What is required
Look through the material beneath and copy each line with the word "sides".

Provided data
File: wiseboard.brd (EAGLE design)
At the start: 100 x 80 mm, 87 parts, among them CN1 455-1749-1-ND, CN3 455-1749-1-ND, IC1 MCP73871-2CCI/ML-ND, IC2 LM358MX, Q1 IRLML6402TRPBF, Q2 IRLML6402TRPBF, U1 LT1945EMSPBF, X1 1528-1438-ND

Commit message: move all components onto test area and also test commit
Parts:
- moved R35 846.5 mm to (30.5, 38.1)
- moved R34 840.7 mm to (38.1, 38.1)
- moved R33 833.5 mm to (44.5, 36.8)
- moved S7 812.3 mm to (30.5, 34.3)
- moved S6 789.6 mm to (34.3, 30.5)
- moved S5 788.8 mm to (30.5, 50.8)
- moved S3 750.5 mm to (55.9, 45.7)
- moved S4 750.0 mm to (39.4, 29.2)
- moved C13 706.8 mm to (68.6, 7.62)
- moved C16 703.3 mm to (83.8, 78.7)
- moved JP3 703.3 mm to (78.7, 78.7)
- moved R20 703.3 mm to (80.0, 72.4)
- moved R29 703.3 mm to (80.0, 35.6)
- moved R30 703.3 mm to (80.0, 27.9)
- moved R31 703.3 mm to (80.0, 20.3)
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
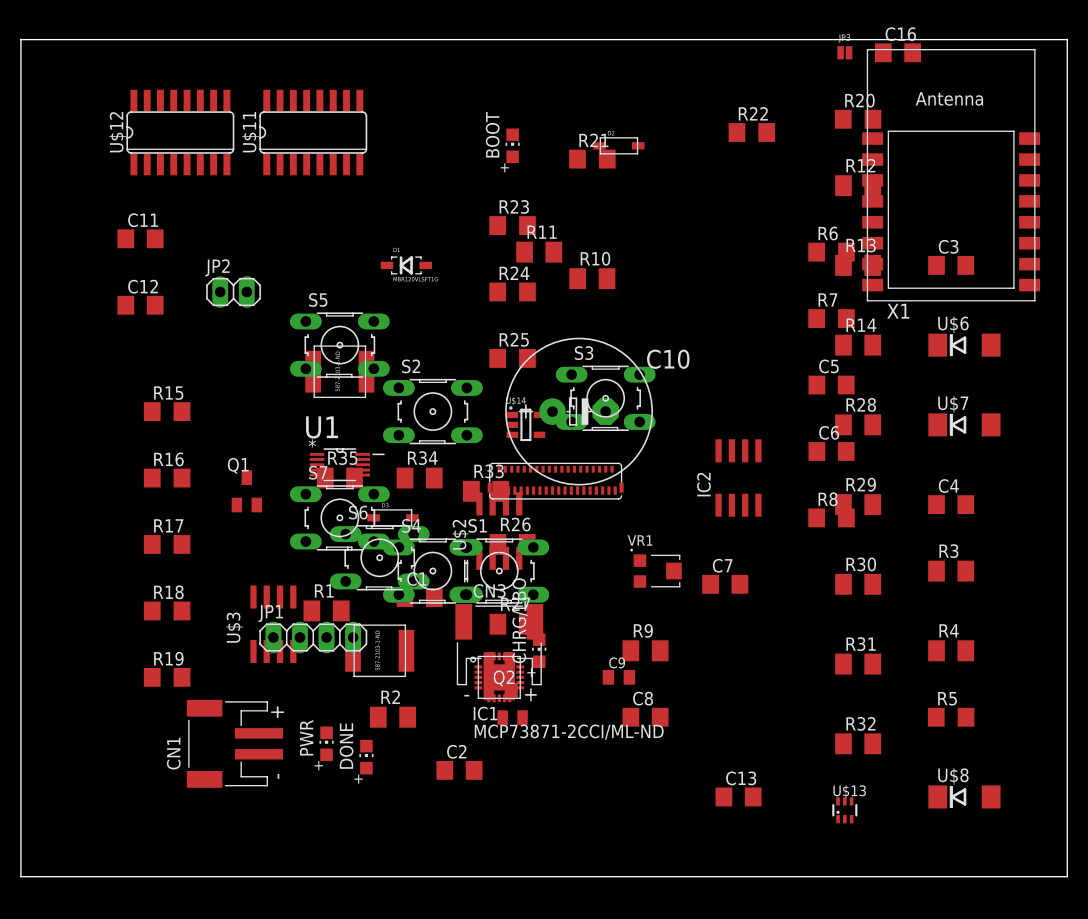
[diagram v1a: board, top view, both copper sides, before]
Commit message: ADD ESP DEBUG HEADERS AND ROUGH AUTOROUTE
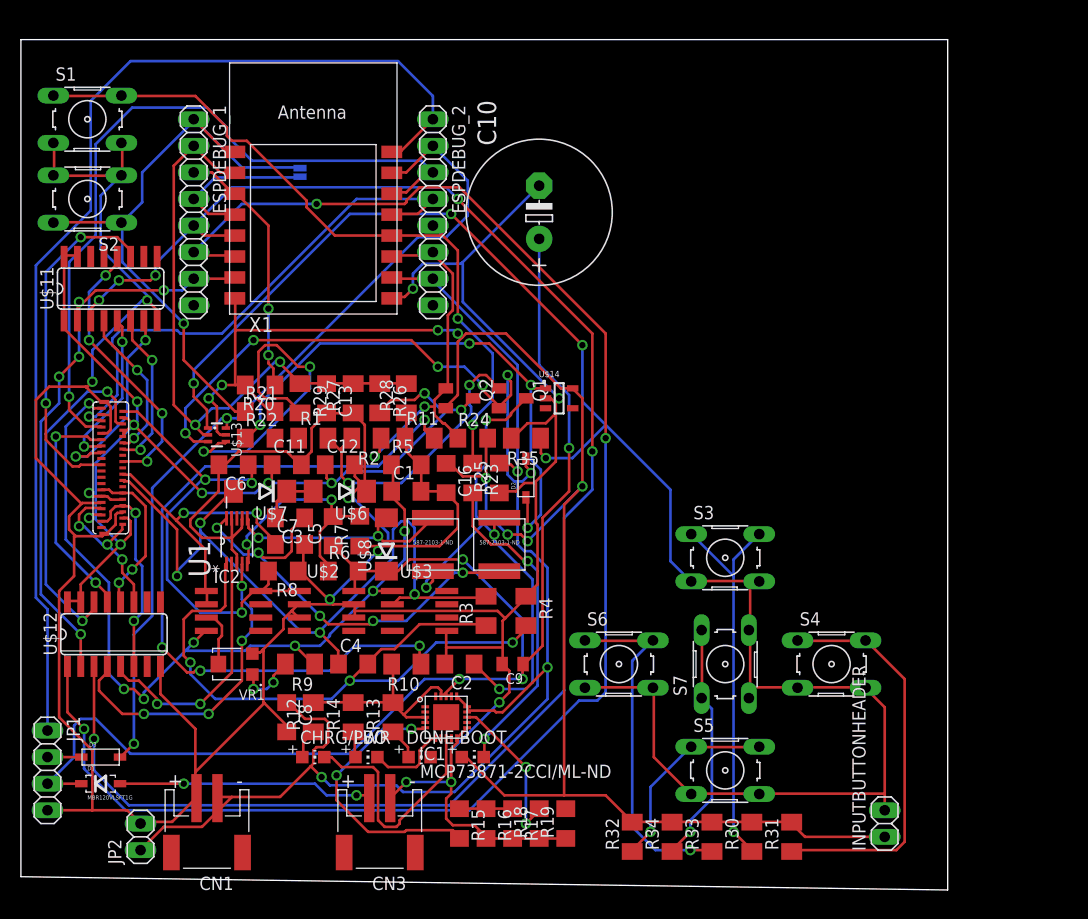
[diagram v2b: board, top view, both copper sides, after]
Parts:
- added ESPDEBUG_1, ESPDEBUG_2: (no value), pinhead:1X08
- added INPUTBUTTONHEADER: (no value), pinhead:1X02
- moved R12 72.7 mm to (27.9, 15.2), turned to 90 degrees
- moved U$13 69.9 mm to (18.7, 42.2), turned to 270 degrees
- moved C3 67.6 mm to (25.7, 34.3), turned to 180 degrees
- moved U$7 67.6 mm to (22.9, 36.8), turned to 180 degrees
- moved R20 62.5 mm to (22.9, 47.0), turned to 180 degrees
- moved R13 62.0 mm to (35.6, 15.2), turned to 90 degrees
- moved U$6 61.3 mm to (30.5, 36.8), turned to 180 degrees
- moved X1 61.0 mm to (27.9, 64.8)
- moved U$8 60.3 mm to (34.9, 31.8), turned to 90 degrees
- moved R14 59.9 mm to (31.8, 15.2), turned to 90 degrees
- moved C16 59.3 mm to (40.6, 38.1), turned to 270 degrees
- moved C4 59.1 mm to (31.8, 20.3)
- moved BOOT 58.5 mm to (43.2, 11.4), turned to 270 degrees
- moved S1 58.4 mm to (6.35, 72.4)
- moved D1 57.5 mm to (7.62, 8.89)
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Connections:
- removed net GPIO2: R24.1
- removed net N$12: JP3.1, X1.4
- removed net N$17: C8.1, CN1.2, IC1.14, IC1.15, IC1.16, JP2.1
- new net +3V1: ESPDEBUG_1.8
- new net GND1: ESPDEBUG_2.8
- new net GPIO16: ESPDEBUG_1.4, JP3.1, X1.4
- net +3V3: now also INPUTBUTTONHEADER.1
- net ADC: now also ESPDEBUG_1.2
- net BOOSTENA: now also ESPDEBUG_2.6, R24.1
- net CH_PD: now also ESPDEBUG_1.3
- net CL: now also ESPDEBUG_2.4
- net GPIO0: now also ESPDEBUG_2.5
- net GPIO12: now also ESPDEBUG_1.6; no longer U$13.6
- net GPIO13: now also ESPDEBUG_1.7
- net GPIO14: now also ESPDEBUG_1.5
- net GPIO15: now also ESPDEBUG_2.7
- net N$25: now also U$14.1
- net N$26: now also INPUTBUTTONHEADER.2
- net OE: now also ESPDEBUG_2.3
- net RESET: now also ESPDEBUG_1.1
- net RXD: now also ESPDEBUG_2.2, U$13.6
- net TXD: now also ESPDEBUG_2.1
- net VBAT: now also C8.1, CN1.2, IC1.14, IC1.15, IC1.16, JP2.1; no longer U$14.1
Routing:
- net GND: track 0.00 -> 404.0 mm, vias 0 -> 10
- net +3V3: track 0.00 -> 171.1 mm, vias 0 -> 8
- net N$26: track 0.00 -> 170.7 mm, vias 0 -> 4
- net GPIO14: track 0.00 -> 160.7 mm, vias 0 -> 6
- net VCC: track 0.00 -> 157.2 mm, vias 0 -> 4
- net GPIO12: track 0.00 -> 152.8 mm, vias 0 -> 3
- net VBAT: track 0.00 -> 150.4 mm, vias 0 -> 8
- net VDD: track 0.00 -> 106.8 mm, vias 0 -> 10
- net TXD: track 0.00 -> 105.9 mm
- net -15V: track 0.00 -> 82.1 mm, vias 0 -> 7
- net RXD: track 0.00 -> 82.0 mm, vias 0 -> 2
- net +20V: track 0.00 -> 72.7 mm, vias 0 -> 4
- net N$9: track 0.00 -> 72.5 mm, vias 0 -> 4
- net OE: track 0.00 -> 71.7 mm, vias 0 -> 1
- net GPIO0: track 0.00 -> 69.4 mm, vias 0 -> 2
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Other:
- board size 100 x 80 mm -> 88.6 x 81.3 mm

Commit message: PASS ERC SCHEMATIC TEST AND ADD SUPPLY SYMBOLS
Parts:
- removed C13: 1uF, adafruit:C1206
- added INPUTBUTTONHEADER1, SOLARPIN: (no value), pinhead:1X02
- C2: value (none) -> 2u2F
- C4: value (none) -> 100pF
- moved JP1 59.1 mm to (46.4, 49.8), turned to 180 degrees
- moved C10 53.1 mm to (26.7, 15.6), turned to 0 degrees
- moved IC2 52.9 mm to (-10.2, -17.8), turned to 0 degrees
- moved D3 52.7 mm to (47.6, 45.7), turned to 270 degrees
- moved ESPDEBUG_1 49.7 mm to (64.1, 49.2), turned to 180 degrees
- moved JP3 47.3 mm to (67.9, 44.1), turned to 0 degrees
- moved X1 46.5 mm to (66.7, 39.1), turned to 270 degrees
- moved BOOT 44.6 mm to (24.8, 52.1), turned to 180 degrees
- moved 22 44.0 mm to (3.81, 45.1)
- moved ESPDEBUG_2 43.1 mm to (64.1, 28.3), turned to 180 degrees
- moved C2 42.7 mm to (11.4, 50.2), turned to 0 degrees
- moved R4 42.5 mm to (14.6, 51.4), turned to 90 degrees
- moved R29 35.2 mm to (46.4, 16.5), turned to 0 degrees
- moved DONE 35.1 mm to (3.17, 7.62), turned to 90 degrees
- moved S2 34.6 mm to (37.5, 49.5), turned to 90 degrees
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- renumbered CN3 to SOLAR
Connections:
- net +20V renamed -20V
- removed net +24V: U$4.P$23
- removed net +3V1: ESPDEBUG_1.8
- removed net GND1: ESPDEBUG_2.8
- new net +22V: C5.1, R6.2, U$2.8, U$4.P$23, U$8.C
- net +3V3: now also ESPDEBUG_1.8, INPUTBUTTONHEADER1.1
- net ADC: no longer C13.1, U$13.2
- net GND: now also ESPDEBUG_2.8, SOLARPIN.1, U$13.2; no longer C13.2
- net GPIO16: now also JP3.2; no longer JP3.1
- net N$26: now also INPUTBUTTONHEADER1.2
- net N$7: now also SOLARPIN.2
- net RESET: now also JP3.1; no longer JP3.2
- net VCC: no longer C5.1, R6.2, U$2.8, U$8.C
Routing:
- net GND: track 404.0 -> 0.00 mm, vias 10 -> 0
- net +3V3: track 171.1 -> 0.00 mm, vias 8 -> 0
- net N$26: track 170.7 -> 0.00 mm, vias 4 -> 0
- net GPIO14: track 160.7 -> 0.00 mm, vias 6 -> 0
- net VCC: track 157.2 -> 0.00 mm, vias 4 -> 0
- net GPIO12: track 152.8 -> 0.00 mm, vias 3 -> 0
- net VBAT: track 150.4 -> 0.00 mm, vias 8 -> 0
- net VDD: track 106.8 -> 0.00 mm, vias 10 -> 0
- net TXD: track 105.9 -> 0.00 mm
- net -15V: track 82.1 -> 0.00 mm, vias 7 -> 0
- net RXD: track 82.0 -> 0.00 mm, vias 2 -> 0
- net -20V: track 72.7 -> 0.00 mm, vias 4 -> 0
- net N$9: track 72.5 -> 0.00 mm, vias 4 -> 0
- net OE: track 71.7 -> 0.00 mm, vias 1 -> 0
- net GPIO0: track 69.4 -> 0.00 mm, vias 2 -> 0
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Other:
- board size 88.6 x 81.3 mm -> 80 x 55 mm

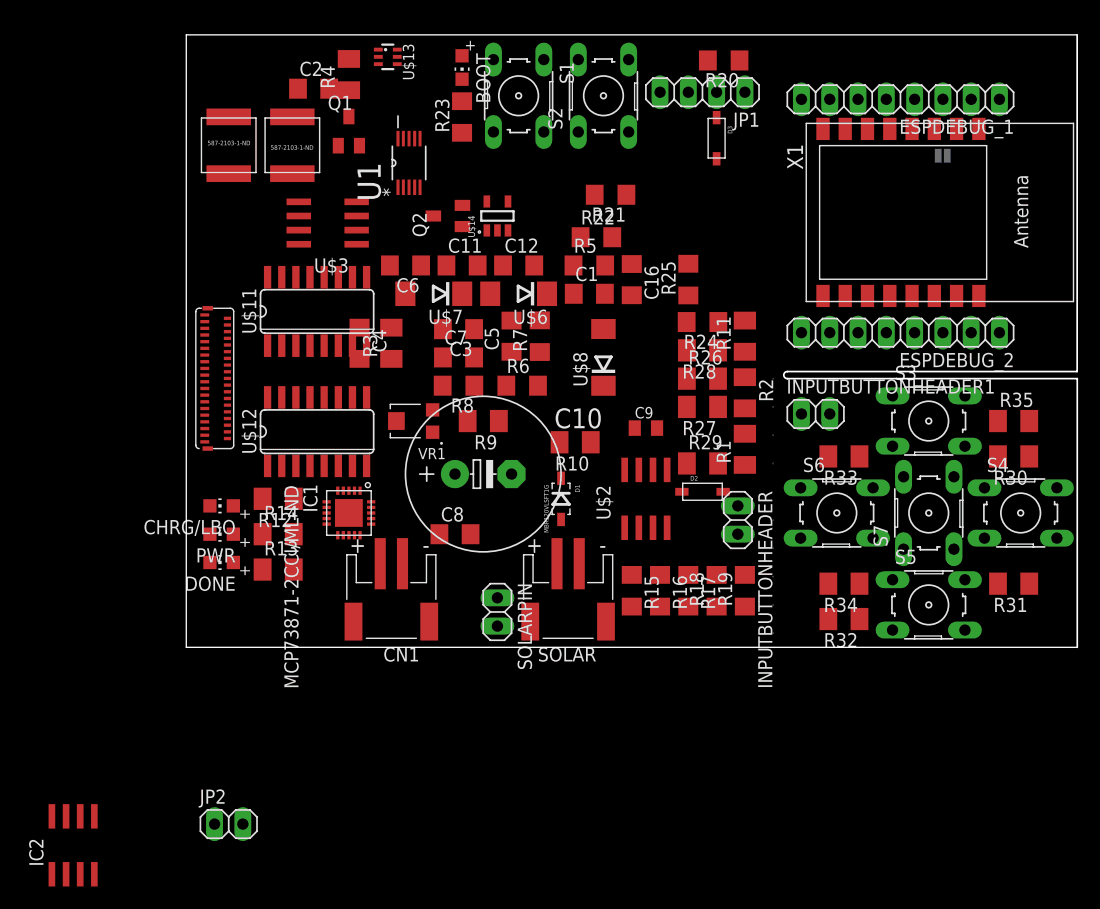
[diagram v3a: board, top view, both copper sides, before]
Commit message: ALMOST COMPLETE ROUTE OF MK1 PCB
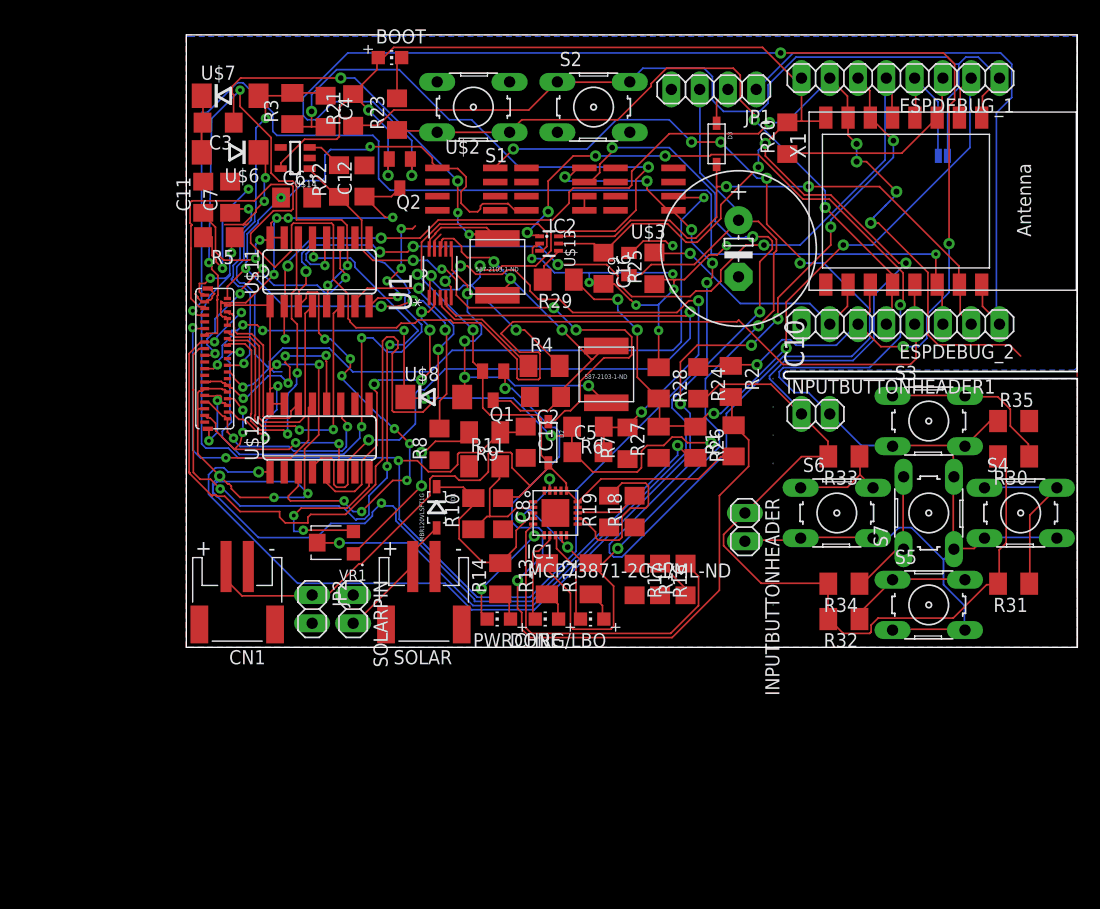
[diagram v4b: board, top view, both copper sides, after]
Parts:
- CN1: value 455-1749-1-ND -> (none)
- moved IC2 73.1 mm to (33.1, 41.1), turned to 90 degrees
- moved U$5 34.9 mm to (37.7, 24.5)
- moved CHRG/LBO 34.8 mm to (36.4, 2.54)
- moved C2 34.6 mm to (32.3, 22.5), turned to 180 degrees
- moved R5 33.4 mm to (2.92, 36.8), turned to 180 degrees
- moved U$2 32.2 mm to (25.1, 41.1), turned to 270 degrees
- moved R4 31.5 mm to (32.1, 25.3), turned to 0 degrees
- moved C10 30.6 mm to (49.6, 35.8), turned to 270 degrees
- moved DONE 29.6 mm to (32.4, 2.54)
- moved R12 29.0 mm to (36.3, 6.16), turned to 90 degrees
- moved U$6 28.9 mm to (3.94, 44.5)
- moved U$3 28.6 mm to (41.1, 41.1)
- moved C3 28.5 mm to (2.86, 47.1)
- moved 22 26.5 mm to (27.9, 34.2), turned to 90 degrees
- moved Q1 26.3 mm to (27.6, 23.5), turned to 180 degrees
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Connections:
- net GND: now also CN1.2; no longer CN1.1
- net VBAT: now also CN1.1; no longer CN1.2
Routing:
- net +3V3: track 0.00 -> 216.4 mm, vias 0 -> 5
- net VDD: track 0.00 -> 178.3 mm, vias 0 -> 15
- net +22V: track 0.00 -> 157.1 mm, vias 0 -> 12
- net N$26: track 0.00 -> 140.4 mm, vias 0 -> 5
- net -15V: track 0.00 -> 132.9 mm, vias 0 -> 8
- net BOOSTENA: track 0.00 -> 132.2 mm, vias 0 -> 5
- net CL: track 0.00 -> 122.3 mm
- net VCC: track 0.00 -> 119.5 mm, vias 0 -> 5
- net GND: track 0.00 -> 118.1 mm, vias 0 -> 20
- net GPIO14: track 0.00 -> 116.6 mm, vias 0 -> 13
- net GPIO12: track 0.00 -> 107.2 mm, vias 0 -> 6
- net VBAT: track 0.00 -> 106.8 mm, vias 0 -> 2
- net OE: track 0.00 -> 105.4 mm, vias 0 -> 2
- net GPIO13: track 0.00 -> 103.4 mm, vias 0 -> 8
- net -20V: track 0.00 -> 96.5 mm, vias 0 -> 3
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- added copper zone on layer 1, net GND
- added copper zone on layer 16, net N$12

Worked solution
[diagram v1a: board, top view, both copper sides, before]
[diagram v2b: board, top view, both copper sides, after]
[diagram v3a: board, top view, both copper sides, before]
[diagram v4b: board, top view, both copper sides, after]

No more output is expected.